Certain movies have the seeds of a much better movie sown through them. Usually these movies are a little bit of a mess, with a jumble of tones and scenes and characters, some working better than others. The stuff that works is so good that it makes you wish the rest of the film worked the same way.

I couldn’t help but think that while watching Chuck, a biopic of New Jersey boxer Chuck Wepner. Nicknamed the “Bayonne Bleeder”, Wepner’s main claim to fame was almost lasting fifteen rounds with Muhammad Ali in 1975. His match and life story were the inspiration for Sylvester Stallone’s Rocky, a bit of trivia the Bleeder would ride for years until his pseudo-celebrity led to coke, partying, and the pains of buying into your own hype. That taste of celebrity–a sip from the gilded milkshake–undid his all-right life.
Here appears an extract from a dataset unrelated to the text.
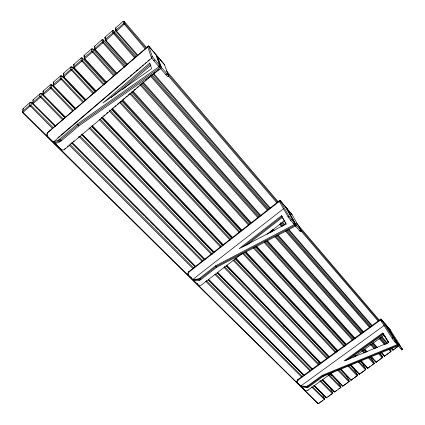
<?xml version="1.0" encoding="UTF-8"?>
<svg xmlns="http://www.w3.org/2000/svg" width="425" height="425" viewBox="0 0 425 425"><rect width="100%" height="100%" fill="white"/><g stroke="black" fill="none" stroke-linecap="round" stroke-linejoin="round"><path stroke-width="0.64" d="M30.202 105.878L52.642 128.621M40.396 97.012L62.693 119.999M50.655 88.087L72.808 111.323M60.972 79.114L82.822 102.425M71.358 70.077L93.059 93.643M73.854 67.612L73.865 68.08L95.949 91.763M81.802 60.993L103.355 84.809M92.315 51.845L113.56 75.746M102.892 42.643L124.429 67.293M113.539 33.384L134.762 58.124M124.254 24.066L145.313 49.072M148.585 45.889L152.469 56.907L168.683 75.857L164.353 64.414L148.585 45.889L47.818 132.287L47.186 133.137L46.931 134.688L47.977 136.893L60.175 148.92L62.443 149.998L63.686 149.887L65.657 148.118M60.175 148.92L60.201 148.506L54.565 142.949M63.548 75.756L63.479 77.116L85.712 100.544M157.319 56.148L161.659 67.947L78.896 125.885L61.322 140.845A2.959 0.712 -44 0 1 59.792 141.865L54.953 143.772L54.984 143.363M54.134 142.635L54.108 142.938L58.947 141.02A2.959 0.707 -44 0 0 60.472 140.006L78.057 125.024L160.831 66.98L156.533 55.223M155.741 54.299L160.002 66.013L77.217 124.164L59.622 139.161A2.959 0.707 -44 0 1 58.097 140.181L53.263 142.104L53.295 141.764M53.183 85.595L53.21 86.1L60.966 79.475C61.96 79.093 62.576 75.007 61.381 76.203M53.237 85.143L53.332 84.24M47.138 133.535L47.818 132.287M42.946 94.504L42.946 95.03L50.649 88.448C51.659 88.044 52.296 83.932 51.197 85.069M43.079 93.569L43.148 93.102M32.767 103.36L32.746 103.902L40.874 96.879L41.358 93.691M32.852 102.877L32.943 102.393M115.828 30.26L115.797 28.884M22.759 111.658L22.552 112.715L317.73 403.453A0.669 0.452 -47.1 0 0 318.447 403.506L318.623 403.431A0.664 0.494 -22.7 0 1 317.73 403.453L317.401 402.682M105.193 39.1L105.172 38.181M92.469 49.157C93.468 48.657 93.346 51.813 92.305 52.217L84.32 58.985L84.325 56.334M187.946 273.859L188.812 272.239L280.213 200.727L285.632 207.092M318.383 403.676L324.344 399.399M326.543 397.821L332.525 393.523M334.735 391.935L340.749 387.621M342.964 386.027L349.005 381.692M351.231 380.093L357.303 375.737M359.539 374.127L365.633 369.755M367.88 368.14L374.005 363.742M376.263 362.121L382.415 357.707M384.683 356.076L390.862 351.64M393.141 350.003L398.14 346.285M30.34 105.91L22.605 112.726A0.951 0.855 23.2 0 1 22.536 111.43L23.205 108.412L30.175 102.345L30.674 102.616M40.534 97.043L40.391 97.368C39.27 96.836 39.679 92.932 40.572 93.723M50.793 88.124L50.649 88.448L50.023 87.513L50.559 84.809M61.11 79.146L60.966 79.475C59.936 78.992 59.925 74.8 61.041 76.176M71.49 70.114L63.479 77.116A0.956 0.887 29.4 0 1 63.484 75.799L63.686 73.158L70.826 66.938L71.129 67.113M81.94 61.03L73.865 68.08A0.956 0.898 31.9 0 1 73.876 66.752L73.939 64.244L74.263 64.388M92.453 51.882L92.305 52.217C91.449 51.754 90.902 48.471 91.816 49.103M103.031 42.681L94.913 49.831L94.754 49.018M113.677 33.421L105.931 40.354L105.421 40.63L105.342 40.221M124.387 24.108L116.599 31.078L116.073 31.365L115.897 30.616M324.413 399.256A0.669 0.494 -23.2 0 1 324.291 399.367L311.509 386.862M279.969 200.287L289.377 216.92L301.484 231.067L291.901 214.312L279.969 200.287L188.679 271.729L187.813 273.344L188.116 274.81L197.949 284.745L199.771 285.536L200.834 285.409L241.634 253.964M318.298 403.66L23.147 112.37L22.536 111.43L29.585 105.294L30.138 102.388A0.94 0.855 24.5 0 1 31.45 102.478L54.889 125.965M326.453 397.805L326.772 397.582A0.669 0.499 -23.4 0 1 325.879 397.603L313.767 385.47M380.959 318.973L393.332 338.417L402.73 349.525L390.309 329.959L380.959 318.973L297.702 379.647L296.841 380.991L296.921 381.756L297.548 382.941L304.879 390.166L306.393 390.761L307.307 390.623L333.099 372.13M385.528 324.466L381.289 319.488L297.936 380.216L297.07 381.56L297.548 382.941M334.645 391.924L322.777 379.509M342.874 386.012L331.107 373.479M351.146 380.078L341.286 369.346M359.449 374.117L351.029 364.74M367.795 368.124L361.234 360.618M376.173 362.105L371.514 356.575M384.593 356.06L381.714 352.447M393.056 349.987L391.924 348.33M47.775 132.685L148.686 46.176L155.847 54.597M168.72 75.73L167.721 76.665L167.322 76.367L153.839 60.775L151.231 57.253L152.203 56.424M57.805 137.854L59.808 136.143M60.812 135.288L129.051 77.068M130.045 76.224L132.026 74.534M133.02 73.684L135.001 71.995M135.989 71.15L137.971 69.456M138.964 68.611L140.946 66.922M141.939 66.077L143.427 64.807M144.914 63.537L146.397 62.268M147.884 60.998L149.372 59.734M53.263 142.104L151.89 57.975M54.953 143.772L55.962 142.912M153.839 60.775L154.812 59.946M111.265 97.484L150.099 64.414M122.671 89.367L150.902 65.338M67.15 146.853L68.143 146.009M70.136 144.319L71.129 143.475M73.121 141.791L74.115 140.946M78.593 137.148L79.587 136.303M103.679 115.871L104.688 115.016M106.712 113.3L107.722 112.444M109.236 111.159L110.245 110.303M111.759 109.018L113.273 107.738M114.782 106.457L115.786 105.607M117.289 104.327L118.793 103.052M120.296 101.777L121.3 100.927M122.809 99.647L124.312 98.372M125.816 97.097L127.319 95.822M128.323 94.972L129.827 93.691M131.336 92.416L132.839 91.141M133.843 90.291L135.347 89.011M136.85 87.736L138.359 86.461M139.862 85.186L141.366 83.906M142.37 83.056L143.873 81.781M145.382 80.506L146.885 79.225M147.889 78.375L149.393 77.1M150.896 75.825L152.405 74.55M153.404 73.695L154.913 72.42M64.642 149.377L159.04 69.328M164.241 64.919L164.47 64.722L157.431 56.451M165.814 74.747L166.781 73.929M192.753 279.241L192.541 279.028L192.674 279.549L283.735 208.569M192.674 279.549L198.039 279.002A2.582 1.217 -45.1 0 0 199.553 278.29L215.523 265.859L295.295 224.092L285.377 206.646M281.493 215.751L239.089 248.747L285.993 224.023L281.493 215.751L286.307 224.182M194.491 280.952L193.827 280.298L193.965 280.819L199.33 280.282A2.582 1.217 -45.1 0 0 200.844 279.576L216.798 267.166L296.528 225.537L286.572 208.048M242.856 246.973L282.099 216.458M246.617 245.209L282.184 217.563M301.341 230.754L300.48 231.418L300.618 231.731L300.061 231.317L290.551 220.246L288.134 217.01L289.005 216.336M267.033 234.26L284.612 220.617M292.06 214.843L286.827 208.494M290.551 220.246L291.422 219.571M299.487 230.674L300.353 230.005M123.808 21.85L124.366 21.59L146.636 47.669M102.744 40.189L103.243 39.918L126.034 65.678M71.623 67.283L72.096 67.038L95.524 92.183M300.486 385.496L300.719 386.07L384.216 325.417M31.014 102.643C32.231 101.474 31.168 105.793 30.202 106.234L29.585 105.294A0.951 0.861 24 0 1 30.913 105.384L53.322 127.766M300.719 386.07L306.271 386.362A2.29 1.487 -46.4 0 0 307.732 385.852L322.325 375.275L398.145 344.266L385.193 323.946M382.633 333.019L344.027 360.995L388.578 342.608L382.633 333.019L385.231 336.786M301.5 386.495L301.734 387.069L307.286 387.372A2.29 1.493 -46.4 0 0 308.747 386.862L323.329 376.3L399.102 345.387L386.128 325.045M345.594 360.745L383.106 333.572L388.726 342.63M348.76 359.332L383.578 334.119M389.932 330.23L390.309 329.959M353.674 357.234L384.03 335.267M390.362 330.687L390.644 330.48L386.463 325.566M401.019 348.473L401.949 350.083L393.146 339.814L392.121 338.364L392.913 337.795M394.358 341.333L395.149 340.765M318.623 403.431L319.568 402.757M320.508 402.077L322.4 400.722M327.717 396.902L329.614 395.542M330.565 394.862L332.462 393.497A0.669 0.499 -23.8 0 0 332.637 392.748L330.549 388.227L322.267 379.785M322.506 379.945L334.066 391.723A0.669 0.499 -24 0 0 334.958 391.707L336.86 390.341M338.767 388.971L339.718 388.285M344.138 385.114L347.963 382.367M352.399 379.18L353.361 378.494M354.322 377.804L356.246 376.422M360.703 373.224L364.565 370.446M360.91 361.096L367.179 367.944A0.68 0.505 -26.7 0 0 368.071 367.928L370.01 366.536M371.949 365.144L372.922 364.448M377.421 361.218L379.366 359.821M380.343 359.12L382.293 357.717A0.68 0.51 -27.9 0 0 382.5 356.942L380.386 353.361M385.836 355.178L384.758 355.895A0.68 0.468 -40.1 0 1 383.966 355.884L380.922 352.442M386.814 354.477L388.774 353.069M389.752 352.368L390.734 351.661A0.685 0.51 -28.6 0 0 390.947 350.875L390.07 349.451M393.311 349.812L394.294 349.106M395.277 348.399L397.242 346.986M401.28 349.414L402.066 348.851M402.087 349.254L402.475 348.973M113.56 30.834L136.388 56.796M82.238 58.103L105.687 83.465M33.309 99.678L33.198 99.726A0.94 0.855 24.9 0 0 32.959 100.55M32.938 103.498L55.696 126.002M22.791 112.322L23.147 112.37L22.817 112.2M53.422 85.68L75.9 108.672M43.148 94.616L65.769 117.364M74.162 67.639L96.183 90.961M63.761 76.686L85.93 99.758M95.157 49.374L117.172 73.52M84.628 58.538L106.792 82.423M116.418 30.882L137.966 55.372M105.751 40.157L127.617 64.563M324.307 399.473L324.116 399.436A0.669 0.452 -46.5 0 0 324.456 398.623L322.442 394.06L314.102 385.703M320.604 380.518L332.637 392.748A0.669 0.457 -45.7 0 1 332.302 393.561L319.791 380.864M330.475 373.846L338.693 382.362L340.855 386.846A0.669 0.457 -44.9 0 1 340.521 387.658L328.105 374.845M340.08 369.309L346.874 376.476L349.106 380.922A0.669 0.457 -44 0 1 348.782 381.73L337.832 370.228M350.147 365.256L355.093 370.558L357.398 374.967A0.675 0.462 -43.1 0 1 357.074 375.774L348.022 366.1M360.225 361.213L363.343 364.618L365.728 368.985A0.675 0.462 -42.2 0 1 365.41 369.787L358.227 361.978M370.313 357.175L371.636 358.647L374.096 362.977A0.675 0.468 -41.3 0 1 373.782 363.779L368.066 357.452M379.451 353.499L382.5 356.942A0.68 0.468 -40.4 0 1 382.192 357.738L378.702 353.807M389.22 348.893L390.947 350.875A0.68 0.468 -39.5 0 1 390.639 351.672L388.912 349.69M43.509 90.95L43.323 90.892A0.94 0.866 26.3 0 0 43.138 91.986M32.969 103.371L33.293 103.541L32.683 102.6L33.198 99.726L40.21 93.617A0.94 0.861 25.9 0 1 41.523 93.707L65.105 117.736M43.18 94.488L43.504 94.658L42.883 93.723L43.323 90.892L50.347 84.787A0.94 0.871 27.5 0 1 51.659 84.883L75.092 109.172M53.454 85.547L53.778 85.723L53.152 84.787L53.47 82.052L60.541 75.91A0.946 0.877 29.4 0 1 61.853 76.006L85.138 100.555M63.787 76.558L64.117 76.734L63.484 75.799L70.704 69.509A0.956 0.892 31.1 0 1 72.032 69.615L94.164 93.293M74.189 67.506L74.518 67.687L73.876 66.752L81.148 60.424A0.956 0.903 34 0 1 82.471 60.531L104.454 84.469M84.655 58.406L84.984 58.581C84.092 58.097 83.661 54.782 84.591 55.393M95.189 49.242L95.519 49.422L94.86 48.492L94.701 46.144L101.973 39.807L102.255 40.014M105.788 40.024L106.112 40.205C105.342 39.78 104.566 36.566 105.442 37.235M116.45 30.749L116.779 30.929L116.11 30L115.844 27.954M23.545 108.55L23.205 108.412A0.94 0.85 23.7 0 0 23.173 109.682M60.201 148.506L61.205 149.218M53.789 82.216L53.47 82.052A0.946 0.871 28 0 0 53.284 83.151M63.994 73.328L63.686 73.158A0.946 0.882 30.1 0 0 63.49 74.263M81.441 58.135L81.143 57.949L73.939 64.244A0.946 0.887 32.7 0 0 73.764 65.317M94.988 46.341L94.701 46.144A0.946 0.903 39.9 0 0 94.493 47.271M112.758 30.866L112.487 30.653L105.15 37.055A0.951 0.908 44.9 0 0 105.097 38.362M189.523 276.053L190.193 276.717M190.867 277.376L191.537 278.04M196.817 283.247L197.476 283.9M297.314 382.367L304.879 390.166M58.097 140.181L59.792 141.865M198.039 279.002L199.33 280.282M306.271 386.362L307.286 387.372M59.622 139.161L61.322 140.845M199.553 278.29L200.844 279.576M307.732 385.852L308.747 386.862M70.13 144.558L193.71 268.01M206.343 280.627L302.542 376.725M312.8 386.973L324.456 398.623A0.669 0.494 -23.2 0 1 324.503 399.128M69.004 144.946L193.216 268.855M205.865 281.472L301.707 377.081M72.027 142.38L195.527 266.215M208.548 279.273L304.247 375.233M314.495 385.507L326.602 397.651A0.669 0.452 -46.3 0 1 325.879 397.603L325.539 396.838M71.761 142.874L144.075 215.332M145.472 216.729L148.729 219.996M150.593 221.866L153.861 225.138M155.258 226.536L158.525 229.808M159.922 231.211L163.189 234.483M164.587 235.886L168.316 239.62M169.251 240.555L172.98 244.295M173.915 245.23L177.645 248.97M178.574 249.905L182.309 253.64M183.239 254.575L195.367 266.725M208.409 279.799L303.439 375.02M55.064 126.273L32.683 103.843A0.951 0.866 24.3 0 1 32.683 102.6L39.769 96.433A0.951 0.871 25.3 0 1 41.097 96.523L63.367 119.149M71.857 143.092L195.293 266.767M208.377 279.878L303.524 375.206M80.075 136.122L202.837 260.86M215.778 274.008L310.42 370.175M78.96 136.499L202.353 261.704M214.843 274.38L310.059 370.993M81.998 133.918L205.142 259.521M217.611 272.239L312.609 369.134M65.126 117.645L42.877 94.977A0.951 0.871 25.7 0 1 42.883 93.723L50.023 87.513A0.951 0.877 26.8 0 1 51.345 87.608L73.477 110.479M81.807 134.651L204.43 259.617M217.356 272.786L312.338 369.585M81.749 134.698L204.388 259.664M217.34 272.866L312.147 369.474M270.316 327.595L271.246 328.541M77.217 124.164L78.896 125.885M215.523 265.859L216.798 267.166M322.325 375.275L323.329 376.3M90.073 127.638L212.479 254.155M224.405 266.486L319.265 364.533M328.913 374.505L340.855 386.846A0.669 0.499 -24.5 0 1 340.675 387.6L340.712 387.701M88.968 128.005L211.538 254.522M223.938 267.325L318.453 364.878M92.028 125.407L214.343 252.322M226.716 265.168L321.013 363.008M75.241 108.97L53.136 86.052A0.951 0.882 27.4 0 1 53.152 84.787L60.329 78.54A0.951 0.887 28.7 0 1 61.657 78.641L83.481 101.586M91.821 126.156L213.616 252.423M226.451 265.726L320.732 363.471M330.82 373.931L342.284 385.82A0.669 0.457 -44.6 0 0 343.028 385.858L343.182 385.804A0.669 0.499 -24.7 0 1 342.284 385.82M91.63 126.315L213.456 252.567M226.318 265.901L320.434 363.439M283.039 325.46L283.958 326.411M318.33 362.004L319.244 362.95M330.655 374.765L331.569 375.711M100.305 119.276L221.244 246.458M233.994 259.872L327.691 358.397M338.624 369.899L349.106 380.922A0.675 0.505 -25.2 0 1 348.92 381.682L348.962 381.777M99.211 119.637L220.766 247.297M233.081 260.227L326.883 358.732M101.607 117.311L222.854 245.198M235.588 258.634L328.706 356.846M340.537 369.325L350.545 379.886A0.675 0.462 -43.7 0 0 351.3 379.918L351.438 379.87A0.675 0.505 -25.4 0 1 350.545 379.886M101.575 117.879L222.572 245.432M234.887 258.416L328.753 357.372M102.287 117.029L223.587 245.087M235.875 258.06L329.455 356.857M109.342 111.042L230.047 240.035M242.723 253.576L335.352 352.559M111.727 109.56L231.763 238.292M244.864 252.344L337.115 351.278M109.974 110.208L230.52 239.201M243.631 253.226L336.154 352.229M348.808 365.776L357.398 374.967A0.675 0.505 -25.8 0 1 357.207 375.732L357.255 375.828M112.434 108.418L232.486 237.389M245.979 251.887L337.939 350.673M112.189 109.193L232.135 237.931M245.682 252.471L337.174 350.668M350.721 365.208L358.843 373.926A0.675 0.462 -42.8 0 0 359.608 373.952L359.736 373.915A0.675 0.505 -26 0 1 358.843 373.926L358.456 373.187M123.468 21.818L123.064 21.441L115.685 27.88A0.951 0.914 51 0 0 115.621 29.203M120.153 101.564L239.897 231.96M254.198 247.531L344.654 346.035M359.003 361.659L365.728 368.985A0.675 0.505 -26.5 0 1 365.532 369.755L365.58 369.846M119.531 102.398L239.434 232.788M253.305 247.876L343.862 346.354M122.809 99.939L241.836 230.074M256.567 246.181L346.46 344.462M106.25 82.928L84.293 58.947A0.956 0.903 35 0 1 84.336 57.651L91.651 51.287A0.956 0.908 37.7 0 1 92.979 51.393L114.649 75.411M122.379 100.55L241.522 230.685M256.254 246.776L345.69 344.462M121.784 101.028L240.975 231.088M255.207 246.617L345.509 345.158M354.875 355.374L355.767 356.347M130.565 93.059L249.268 224.623M264.791 241.83L353.196 339.809M362.53 350.158L364.756 352.623M369.203 357.553L374.096 362.977A0.68 0.51 -27.2 0 1 373.894 363.752L373.942 363.842M129.949 93.882L248.37 224.958M264.355 242.654L352.67 340.414M361.909 350.636L364.108 353.069M133.078 91.226L251.233 222.716M267.628 240.959L355.284 338.513M364.932 349.249L367.126 351.693M116.455 73.865L94.812 49.799A0.956 0.908 39 0 1 94.86 48.492L102.223 42.086A0.956 0.914 42.4 0 1 103.546 42.203L125.062 66.475M132.356 91.54L250.463 222.854M266.852 241.071L354.237 338.231M364.007 349.09L366.674 352.054M371.115 356.989L375.557 361.93A0.68 0.468 -41 0 0 376.337 361.941L376.449 361.919A0.68 0.51 -27.4 0 1 375.557 361.93L374.728 360.48M115.913 74.694L92.82 49.05A0.946 0.898 38.6 0 0 91.508 48.939L84.277 55.234A0.946 0.892 35.9 0 0 84.24 56.52M131.458 91.949L250.235 223.842M265.683 240.996L353.951 339.007M363.678 349.812L365.888 352.267M140.872 84.315L258.692 217.249M270.943 231.067L271.814 232.055M275.74 236.486L361.59 333.349M371.174 344.16L375.094 348.585M139.82 84.639L257.8 217.579M270.066 231.402L270.943 232.385M274.874 236.815L360.825 333.662M370.419 344.473L374.34 348.893M126.884 64.919L105.395 40.598A0.956 0.919 44.1 0 1 105.453 39.275L112.859 32.831A0.962 0.924 48.3 0 1 114.182 32.948L135.543 57.487M143.108 83.284L260.334 215.958M272.568 229.808L273.44 230.791M277.36 235.232L363.088 332.26M372.656 343.087L376.571 347.517M141.791 83.486L259.542 216.553M271.803 230.419L272.68 231.407M276.622 235.859L362.424 332.828M372.072 343.735L376.019 348.192M143.411 82.461L261.12 215.82M272.919 229.187L274.226 230.669M278.147 235.11L363.449 331.75M373.017 342.592L377.363 347.517M150.795 76.516L267.718 210.657M279.453 224.118L281.621 226.605M285.52 231.078L369.458 327.372M378.967 338.284L384.588 344.728M152.033 74.795L268.924 209.265M280.633 222.732L283.236 225.728M287.141 230.222L370.94 326.623M380.508 337.625L386.16 344.128M151.236 75.517L268.164 209.833M280.319 223.794L282.482 226.281M286.376 230.754L370.217 327.064M379.716 337.976L385.332 344.425M153.531 73.328L270.236 207.952M282.322 221.893L284.915 224.883M288.803 229.373L372.523 325.948M382.011 336.892L387.616 343.358M137.217 55.739L116.041 31.333A0.962 0.924 50.3 0 1 116.11 30L123.558 23.513A0.962 0.93 55.1 0 1 124.886 23.641L145.934 48.259M153.212 74.168L269.817 208.537M281.956 222.525L284.112 225.016M288.001 229.495L371.721 325.964M381.209 336.897L386.814 343.358M391.558 348.824L392.418 349.817A0.685 0.51 -28.8 0 0 392.987 349.956M167.843 73.886L277.743 202.438M299.614 228.023L378.882 320.748M168.114 75.703L276.872 202.757M300.921 230.849L378.558 321.55M279.379 201.376L280.213 202.358M380.529 320.041L381.804 321.534M166.34 70.741L278.332 201.902M296.4 223.067L379.498 320.386M187.988 274.295L188.514 275.055M398.528 343.373L398.979 344.08M385.661 324.498L398.623 344.829L322.825 375.79L308.242 386.357A2.29 1.487 -46.4 0 1 306.776 386.867L301.229 386.569L300.996 385.996M395.606 342.082L396.307 343.182M380.2 319.52L392.121 338.364M385.895 337.848L388.211 341.583M391.978 349.106L392.418 349.817A0.68 0.468 -39.2 0 0 393.221 349.823L393.364 349.902M383.541 355.167L383.966 355.884A0.68 0.51 -28.1 0 0 384.705 355.969M285.977 207.347L295.912 224.814L216.166 266.512L200.196 278.933A2.582 1.217 -45.1 0 1 198.688 279.645L193.253 279.921M293.462 223.061L294.424 224.767M279.135 200.94L288.134 217.01M366.377 366.478L367.179 367.944A0.675 0.462 -41.9 0 0 367.954 367.96L368.071 367.928M30.706 102.483L30.844 102.781L30.839 102.468M333.71 390.963L334.066 391.723A0.669 0.457 -45.4 0 0 334.799 391.765L334.958 391.707M307.944 389.959L308.067 390.246M297.702 379.647L297.936 380.216M158.599 65.631L159.03 66.837M147.666 46.681L151.231 57.253M46.978 134.289L47.297 135.501M188.679 271.729L188.812 272.239M396.743 340.579A0.68 0.51 -29.4 0 1 396.759 341.116M371.168 358.498A0.669 0.457 -41.2 0 1 371.636 358.647A0.675 0.505 -27.3 0 1 371.663 359.173M363.163 364.469A0.669 0.457 -42.1 0 1 363.343 364.618A0.669 0.505 -26.6 0 1 363.279 365.272M354.636 370.398A0.669 0.452 -43 0 1 355.093 370.558A0.669 0.505 -25.9 0 1 355.125 371.078M346.279 376.359A0.664 0.452 -43.9 0 1 346.874 376.476A0.669 0.499 -25.2 0 1 346.975 376.709M338.523 382.208A0.664 0.452 -44.7 0 1 338.693 382.362A0.664 0.499 -24.5 0 1 338.518 383.111M330.379 388.067A0.664 0.446 -45.5 0 1 330.549 388.227A0.664 0.494 -23.8 0 1 330.379 388.971M322.277 393.901A0.664 0.446 -46.3 0 1 322.442 394.06A0.664 0.494 -23.2 0 1 322.4 394.692M72.117 67.076L72.032 69.615L71.347 70.444L70.704 69.509L70.8 66.975A0.946 0.887 31.8 0 1 72.117 67.076M124.886 23.641L124.238 24.443L123.558 23.513L123.064 21.441A0.956 0.919 55.7 0 1 124.366 21.59L124.886 23.641M114.182 32.948L113.528 33.761L112.859 32.831L112.487 30.653A0.951 0.914 49.1 0 1 113.788 30.797L114.182 32.948M103.546 42.203L102.882 43.015L102.319 42.287L101.957 39.838A0.946 0.903 43.3 0 1 103.27 39.95L103.546 42.203M82.471 60.531L81.791 61.359L81.17 60.509L81.143 57.949A0.946 0.892 34.8 0 1 82.434 58.092L82.471 60.531M149.802 63.054L102.871 103.041L151.613 68.68L149.802 63.054M399.495 344.898A0.685 0.515 -29.3 0 0 399.431 344.781A0.685 0.473 -38.5 0 1 399.473 344.898"/></g></svg>

Chuck can’t put it all together. It feels like a made-for-TV feature from an age before prestige television.

Chuck
Director: Philippe Falardeau
Rating: R
Release Date: May 5, 2017

Chuck has an endearing center in its star Liev Schreiber, whose ease and affability keep the film watchable even when it’s sluggish or middling. I was reminded how good and versatile Schreiber can be and how underrated he is as an actor. As Chuck Wepner, he’s both pathetic and sympathetic, a legitimate hometown hero and a fame-chasing clown. I’m not sure how true to life these contradictions are to the real-life Wepner, but as a character in a film, there’s promise there. One minute he’s quoting Anthony Quinn from Requiem for a Heavyweight, the next minute he’s trying to hump anything with boobs by mentioning Rocky.

Many of Schreiber’s co-stars also elevate the material. Jim Gaffigan’s solid as Wepner’s brother, a guy who loves to be a hanger-on so long as there’s coke or women involved (and as long as he doesn’t have to pay). Schreiber’s former real-life partner Naomi Watts appears mid-film as Linda, who would eventually become Wepner’s third wife. Watts isn’t given much to do but flirt and support the pathetic palooka, but the genuine fondness she and Schreiber shared comes through on screen. Elizabeth Moss is especially good as Wepner’s second wife, Phyllis, even though she mostly just has to put up with his BS.

Despite that cast, Chuck falters because of its writing, and by extension its production. Writers often use the term “connective tissue” to describe the moments between the big scenes. In Chuck, the connective tissue feels more like biopic filler. The film is stitched together with on-and-off voiceover narration. It’s too hand-holdy and on-the-nose. The movie also rushes itself, breezing along with its flutey, wah-wah kinda-disco stock score, which cheapens the overall feel. Some of the scenes may have been written too big for the budget or without much consideration for lighting and texture. Take the opening scene in which Chuck fights a grizzly bear in the ring. That’s a godd set up, but it’s lit like a coke-fueled disco party later in the film; it may have been shot in the exact same location. It feels small, but in a “Yeah, we couldn’t quite afford all this” way rather than a seedy, “My god, what’s become of my life” way.

The parts of Chuck that work are the scenes in which the movie slows down, builds out a scene, and allows the awkward moments of these characters lives to unfold. When Wepner tries to hassle Sylvester Stallone about Rocky, there’s something there. The same goes for a bad audition or a crummy parent teacher conference. These scenes are when Chuck feel less like a movie from “biopic trope land” and more like a movie about flawed people trying to screw up a little less (or a little more). So much of the movie feels like it’s just checking off shaggy story beats rather than letting the moments come like they would but given a deliberate shape.

Oddly, Chuck might have taken more cues from the original Rocky to be a better film. Rocky is a quiet, quirky, thoughtful love story about discarded people finding hope in each other. There’s also boxing, but the connection between two misfits is so strong that it doesn’t matter if Rocky wins or loses in the end, just that he endures. In Chuck, the whole arc of someone’s rise, fall, and redemption feels like it’s missing that human core. There are scenes that have it, but like fame or pseudo-celebrity, they’re fleeting.